GARDEN PARTY/ARTS is pleased to announce ORIENTATIONS, the first of our series of exhibitions slated for the Summer of 2013. A group show featuring the work of R.E.H. Gordon, Eve Lateiner, and Matthew Schrader, ORIENTATIONS borrows its title from Sara Ahmed’s 2006 essay “Orientations: Toward a Queer Phenomenology”.
Phenomenology is the philosophy of the first-person experience of consciousness, where the point from which the world unfolds is always the body. To be “oriented” is to know where our bodies are in space and which direction we are facing. A body takes shape as it moves through space by tending towards familiar objects and away from others. The objects we find around us are not casual, but in fact “reveal the direction we have taken in life.” The repetition of “tending towards” familiar objects creates a line, like a path on the forest floor, that attracts other bodies along that same line. The subject reproduces the lines of the path it follows: this is the production of normativity. When a body encounters a queer object- one that is strange, slanted, out of line- orientation acts as a straightening device, shifting our perception so that the object appears in line.
Ahmed’s proposal for a queer phenomenology is, in part, to approach objects from behind. She writes, “we need to face an object’s background, redefined as not only the conditions for the emergence of the object (we might ask: how did it arrive?) but also the act of perceiving the object, which depends on the arrival of the body that perceives.” The works in this show “arrive” through the distinct backgrounds of each artist’s practice: performance, painting, and sculpture, respectively. Yet the objects only truly take shape through their encounter with the viewer or “the body that perceives” through the intimate co-habitation of space. Thus, the potential for a “queer” moment, a moment of disorientation, exists not in the object but the space of the encounter.

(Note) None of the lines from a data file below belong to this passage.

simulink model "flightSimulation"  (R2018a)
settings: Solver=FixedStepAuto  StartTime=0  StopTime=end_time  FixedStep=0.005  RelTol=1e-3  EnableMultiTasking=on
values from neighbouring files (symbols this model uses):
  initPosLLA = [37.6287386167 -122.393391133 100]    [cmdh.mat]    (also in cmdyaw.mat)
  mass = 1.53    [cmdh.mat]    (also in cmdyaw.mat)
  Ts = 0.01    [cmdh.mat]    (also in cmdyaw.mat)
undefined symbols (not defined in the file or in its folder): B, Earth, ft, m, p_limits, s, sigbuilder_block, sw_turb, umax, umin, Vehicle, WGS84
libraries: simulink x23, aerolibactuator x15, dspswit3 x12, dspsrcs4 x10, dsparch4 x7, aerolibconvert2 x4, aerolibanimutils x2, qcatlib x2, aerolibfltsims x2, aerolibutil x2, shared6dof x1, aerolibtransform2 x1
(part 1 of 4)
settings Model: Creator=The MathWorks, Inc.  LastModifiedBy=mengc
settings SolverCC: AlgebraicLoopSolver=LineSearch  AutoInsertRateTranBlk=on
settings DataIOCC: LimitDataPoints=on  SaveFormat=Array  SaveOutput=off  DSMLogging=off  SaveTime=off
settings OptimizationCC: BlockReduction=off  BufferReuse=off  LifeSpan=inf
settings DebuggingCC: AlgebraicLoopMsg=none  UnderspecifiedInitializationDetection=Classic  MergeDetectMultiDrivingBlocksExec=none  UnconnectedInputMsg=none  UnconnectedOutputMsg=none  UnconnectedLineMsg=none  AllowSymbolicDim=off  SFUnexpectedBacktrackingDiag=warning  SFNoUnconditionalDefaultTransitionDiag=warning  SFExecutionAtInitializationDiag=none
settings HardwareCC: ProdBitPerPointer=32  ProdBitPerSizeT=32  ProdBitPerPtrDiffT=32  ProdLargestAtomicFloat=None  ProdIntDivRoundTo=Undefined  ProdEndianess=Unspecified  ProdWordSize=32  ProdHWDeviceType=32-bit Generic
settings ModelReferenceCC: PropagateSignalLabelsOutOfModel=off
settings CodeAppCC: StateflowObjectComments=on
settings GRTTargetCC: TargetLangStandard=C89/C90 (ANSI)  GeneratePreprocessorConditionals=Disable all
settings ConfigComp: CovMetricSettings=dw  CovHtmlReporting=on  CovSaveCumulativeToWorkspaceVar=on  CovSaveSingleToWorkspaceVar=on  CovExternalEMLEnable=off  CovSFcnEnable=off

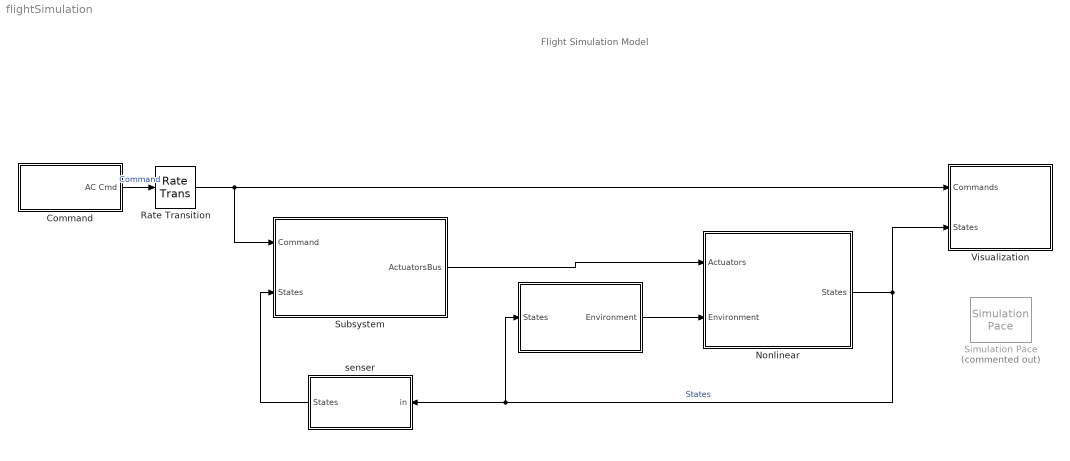
== system flightSimulation ==
  note: Flight Simulation Model
  " " : Subsystem
  Command : Subsystem  Variant=on
  Nonlinear : Subsystem  TreatAsAtomicUnit=on
      mask init:
      | vehicleNonlinearVars;
      settings: MinAlgLoopOccurrences=on
  Rate Transition : RateTransition  OutPortSampleTime=0.01
  Simulation Pace : aerolibanimutils/Simulation Pace  Commented=on  SimulationPace=1  SleepMode=MATLAB Thread  OutputPaceError=off  SampleTime=Ts
      settings: AttributesFormatString=%<SimulationPace> sec/sec
  Subsystem : Subsystem  Variant=on  VariantControl=Variant1
  Visualization : Subsystem
  senser : Subsystem
  wires:
  Nonlinear/1(States) -> senser/1(in), " "/1(States), Visualization/2(States)  "States"
  " "/1(Environment) -> Nonlinear/2(Environment)
  Command/1(AC Cmd) -> Rate Transition/1  "Command"
  Subsystem/1(ActuatorsBus) -> Nonlinear/1(Actuators)
  Rate Transition/1 -> Visualization/1(Commands), Subsystem/1("Command ")
  senser/1(States) -> Subsystem/2(States)

== system flightSimulation/  ==
  States : Inport  OutDataTypeStr=Bus: StatesBus
  Air Density : Constant  Value=1.225
  Air Temp : Constant  Value=273+15
  Bus Creator : BusCreator  Inputs=5  OutDataTypeStr=Bus: EnvironmentBus  NonVirtualBus=on
  Bus Creator1 : BusCreator  Inputs=4  OutDataTypeStr=Bus: AtmosphereBus  NonVirtualBus=on
  Gravity : Constant  Value=[0;0;9.788]
  Magnetic Field : Constant  Value=[0 0 0]
  Memory : Memory  InheritSampleTime=on
  Pressure : Constant  Value=101.3e3
  Speed of Sound : Constant  Value=340
  wind : Constant  Value=[0 0 0]
  Environment : Outport  OutDataTypeStr=Bus: EnvironmentBus
  wires:
  Pressure/1 -> Bus Creator1/3  "pressure"
  Magnetic Field/1 -> Bus Creator/3  "MagneticField_ned"
  Air Density/1 -> Bus Creator1/4  "air_density"
  Bus Creator1/1 -> Bus Creator/2  "AtmosphereBus"
  Gravity/1 -> Bus Creator/1  "Gravity_ned"
  Air Temp/1 -> Bus Creator1/1  "air_temp"
  Speed of Sound/1 -> Bus Creator1/2  "speed_sound"
  wind/1 -> Bus Creator/5  "Wind_ned"
  States/1 -> Memory/1  "StatesBus"
  Bus Creator/1 -> Environment/1  "EnvironmentBus"
  Memory/1 -> Bus Creator/4  "StatesBus"

== system flightSimulation/Command ==
  note: VSS_COMMAND = 0 will select Signal Builder
      | VSS_COMMAND =1 will select Joystick + Signal Builder
      | VSS_COMMAND = 2 will select pre-saved data from .mat file
      | VSS_COMMAND = 3 will select pre-saved data from a spreadsheet
  Data : Subsystem  VariantControl=VSS_COMMAND_PRESAVED
  Joystick : Subsystem  VariantControl=VSS_COMMAND_JOYSTICK
  Signal Builder : Subsystem  VariantControl=VSS_COMMAND_SIGBLDR
  Subsystem : Subsystem  VariantControl=VSS_COMMAND_user
  AC Cmd : Outport  OutDataTypeStr=Bus: CommandBus

== system flightSimulation/Nonlinear ==
  Actuators : Inport  OutDataTypeStr=Bus: ActuatorsBus
  Environment : Inport  Port=2  OutDataTypeStr=Bus: EnvironmentBus
  Plant : Subsystem
  States : Outport
  wires:
  Actuators/1 -> Plant/1(Actuators)  "ActuatorsBus"
  Environment/1 -> Plant/2(Environment)  "Environment"
  Plant/1(States) -> States/1

== system flightSimulation/Subsystem ==
  "Command " : Inport  OutDataTypeStr=Bus: CommandBus
  States : Inport  Port=2  OutDataTypeStr=Bus: StatesBus
  ADRC_allocator : Subsystem  VariantControl=controller==0
  ADRC_allocator1 : Subsystem  VariantControl=controller==1
  PID : Subsystem  VariantControl=controller==2
  PID_allocator : Subsystem  VariantControl=controller==3
  PID_allocator1 : Subsystem  VariantControl=controller==4
  ActuatorsBus : Outport  OutDataTypeStr=Bus: ActuatorsBus

== system flightSimulation/Visualization ==
  Commands : Inport
  States : Inport  Port=2
  Airspeed Indicator : Subsystem  DialogController=aeroblksHMICreateDDGDialog  IsWebBlock=on  mask(MWDashboardBlock){webBlockId=8420f0a9-3312-4f04-a723-760894642590, webBlockType=airspeedindicator, ShowInLibBrowser=on, ShowInitialText=on, HMISrcModelName=flightSimulation}
      mask prompts: webBlockId "WebBlock Id"; webBlockType "WebBlock Type"; HMISrcModelName "Source Model"
      mask help: Display aircraft airspeed in knots.
      mask Help: asbhmihelp('airspeedindicator')
      mask Display:
      | if strcmp(get_param(bdroot(gcb),'BlockDiagramType'), 'library')
      |  image([(matlabroot) '/toolbox/aeroblks/aeroblks/hmi/icons/AirspeedIndicatorIcon.svg'])
      | end
  Altimeter : Subsystem  DialogController=aeroblksHMICreateDDGDialog  IsWebBlock=on  mask(MWDashboardBlock){webBlockId=acc0ee33-6e2a-46f3-b359-bda7f19c378b, webBlockType=altimeter, ShowInLibBrowser=on, ShowInitialText=on, HMISrcModelName=flightSimulation}
      mask prompts: webBlockId "WebBlock Id"; webBlockType "WebBlock Type"; HMISrcModelName "Source Model"
      mask help: Display aircraft altitude in feet.
      mask Help: asbhmihelp('altimeter')
      mask Display:
      | if strcmp(get_param(bdroot(gcb),'BlockDiagramType'), 'library')
      |  image([(matlabroot) '/toolbox/aeroblks/aeroblks/hmi/icons/AltimeterIcon.svg'])
      | end
  Artificial Horizon : Subsystem  DialogController=aeroblksHMICreateDDGDialog  IsWebBlock=on  mask(MWDashboardBlock){webBlockId=e5cf728d-e454-405c-bb84-955fe1273f2a, webBlockType=artificialhorizon, ShowInLibBrowser=on, ShowInitialText=on, HMISrcModelName=flightSimulation}
      mask prompts: webBlockId "WebBlock Id"; webBlockType "WebBlock Type"; HMISrcModelName "Source Model"
      mask help: Display aircraft attitude relative to horizon. The two signal input vector contains roll and pitch.
      mask Help: asbhmihelp('artificialhorizon')
      mask Display:
      | if strcmp(get_param(bdroot(gcb),'BlockDiagramType'), 'library')
      |  image([(matlabroot) '/toolbox/aeroblks/aeroblks/hmi/icons/ArtificialHorizonIcon.svg'])
      | end
  Climb Rate Indicator : Subsystem  DialogController=aeroblksHMICreateDDGDialog  IsWebBlock=on  mask(MWDashboardBlock){webBlockId=da4b646e-398f-4414-b979-eb288c63e8d1, webBlockType=climbindicator, ShowInLibBrowser=on, ShowInitialText=on, HMISrcModelName=flightSimulation}
      mask prompts: webBlockId "WebBlock Id"; webBlockType "WebBlock Type"; HMISrcModelName "Source Model"
      mask help: Display aircraft climb rate in ft/min.
      mask Help: asbhmihelp('climbindicator')
      mask Display:
      | if strcmp(get_param(bdroot(gcb),'BlockDiagramType'), 'library')
      |  image([(matlabroot) '/toolbox/aeroblks/aeroblks/hmi/icons/ClimbIndicatorIcon.svg'])
      | end
  Extract Flight Instruments : Subsystem
  Heading Indicator : Subsystem  DialogController=aeroblksHMICreateDDGDialog  IsWebBlock=on  mask(MWDashboardBlock){webBlockId=33c4a518-f501-4d9d-9c87-ec3702c656b3, webBlockType=headingindicator, ShowInLibBrowser=on, ShowInitialText=on, HMISrcModelName=flightSimulation}
      mask prompts: webBlockId "WebBlock Id"; webBlockType "WebBlock Type"; HMISrcModelName "Source Model"
      mask help: Display aircraft heading with respect to North in degrees.
      mask Help: asbhmihelp('headingindicator')
      mask Display:
      | if strcmp(get_param(bdroot(gcb),'BlockDiagramType'), 'library')
      |  image([(matlabroot) '/toolbox/aeroblks/aeroblks/hmi/icons/HeadingIndicatorIcon.svg'])
      | end
  Visualization : Subsystem  Variant=on
  wires:
  Commands/1 -> Visualization/2(Commands)
  States/1 -> Visualization/1(States), Extract Flight Instruments/1(States)

== system flightSimulation/senser ==
  in : Inport  OutDataTypeStr=Bus: StatesBus
  Bus Creator5 : BusCreator  Inputs=9  OutDataTypeStr=Bus: StatesBus  NonVirtualBus=on
  Bus Selector1 : BusSelector  OutputSignals=V_body,Omega_body,Euler,Accel_body,dOmega_body,V_ned,X_ned,LLA,DCM_be
  Rate Transition2 : RateTransition  OutPortSampleTime=0.01
  noise : Subsystem
  States : Outport  OutDataTypeStr=Bus: StatesBus
  wires:
  Bus Selector1/1 -> Bus Creator5/1  "<V_body>"
  in/1 -> Bus Selector1/1
  Bus Selector1/7 -> Bus Creator5/7  "<X_ned>"
  Bus Selector1/8 -> Bus Creator5/8  "<LLA>"
  Bus Selector1/2 -> Bus Creator5/2  "<Omega_body>"
  Bus Selector1/9 -> Bus Creator5/9  "<DCM_be>"
  Bus Selector1/4 -> Bus Creator5/4  "<Accel_body>"
  Bus Selector1/5 -> Bus Creator5/5  "<dOmega_body>"
  Bus Selector1/6 -> Bus Creator5/6  "<V_ned>"
  Bus Selector1/3 -> noise/1(In1)  "<Euler>"
  Bus Creator5/1 -> Rate Transition2/1
  noise/1(Out1) -> Bus Creator5/3  "Euler"
  Rate Transition2/1 -> States/1

== system flightSimulation/Command/Data ==
  Bus Creator : BusCreator  Inputs=4  OutDataTypeStr=Bus: CommandBus  NonVirtualBus=on
  From Workspace : FromWorkspace  VariableName=cmdroll  SampleTime=0
  From Workspace1 : FromWorkspace  VariableName=cmdpitch  SampleTime=0
  From Workspace2 : FromWorkspace  VariableName=cmdyaw  SampleTime=0
  From Workspace3 : FromWorkspace  VariableName=cmdh  SampleTime=0
  Step : Step  Time=10  After=0.1  SampleTime=0
  Step1 : Step  Time=10  After=0  SampleTime=0
  Terminator : Terminator
  AC Cmd : Outport  OutDataTypeStr=Bus: CommandBus
  wires:
  Bus Creator/1 -> AC Cmd/1
  From Workspace1/1 -> Bus Creator/2  "pitch_cmd"
  From Workspace2/1 -> Bus Creator/3  "yaw_cmd"
  From Workspace3/1 -> Bus Creator/4  "throttle_cmd"
  From Workspace/1 -> Bus Creator/1  "roll_cmd"
  Step/1 -> Terminator/1

== system flightSimulation/Command/Joystick ==
  Bus Creator : BusCreator  Inputs=4  OutDataTypeStr=Bus: CommandBus  NonVirtualBus=on
  Pilot Joystick : aerolibanimutils/Pilot Joystick  JoystickID=Joystick1  OutputConfiguration=FourAxis  SampleTime=Ts
  AC Cmd : Outport  OutDataTypeStr=Bus: CommandBus
  wires:
  Pilot Joystick/4 -> Bus Creator/4  "throttle_cmd"
  Pilot Joystick/3 -> Bus Creator/3  "yaw_cmd"
  Pilot Joystick/2 -> Bus Creator/2  "pitch_cmd"
  Pilot Joystick/1 -> Bus Creator/1  "roll_cmd"
  Bus Creator/1 -> AC Cmd/1

== system flightSimulation/Command/Signal Builder ==
  Bus Creator : BusCreator  Inputs=4  OutDataTypeStr=Bus: CommandBus  NonVirtualBus=on
  N-Sample Switch : dspswit3/N-Sample Switch  N=200  reset=off  TriggerType=Rising edge  Ts=0.01
      settings: SourceProductName=DSP System Toolbox  SourceProductBaseCode=DS
  Pulse Generator : DiscretePulseGenerator  Amplitude=0.2  Period=300  PulseWidth=150  SampleTime=0.01
  Signal Builder : Subsystem  Tag=STV Subsys  LoadFcn=sigbuilder_block('load',[3 6 804 505.5 ]);  StartFcn=sigbuilder_block('start');  StopFcn=sigbuilder_block('stop');  ClipboardFcn=sigbuilder_block('clipboard');  mask(Sigbuilder block){tuvar=[0:10]}
      mask help: Simulink:masks:SigbuilderBlock_MD
      mask init:
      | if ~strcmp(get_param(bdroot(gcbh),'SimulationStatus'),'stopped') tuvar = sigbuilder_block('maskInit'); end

As Ahmed explains, the spaces where we gather are not neutral but directive. Spaces are where we find the lines we follow. It has always been one of the goals of Garden Party/Arts to build a space that is oriented towards feminism. This means we tend towards feminist and queer objects and tend to perceive feminism and queerness in objects. But Ahmed makes an important distinction when she explains that “it is important that we do not idealize queer worlds or simply locate them in an alternative space. After all, if the spaces we occupy are fleeting, if they follow us when we come and go, then this is as much a sign of how heterosexuality shapes the contours of inhabitable or livable space as it is about the promise of queer.” Instead, we need to ask what we will do in the moment we encounter an object that disorients us. These are the encounters that make it possible to change the direction we face, to follow new paths, and create space for difference.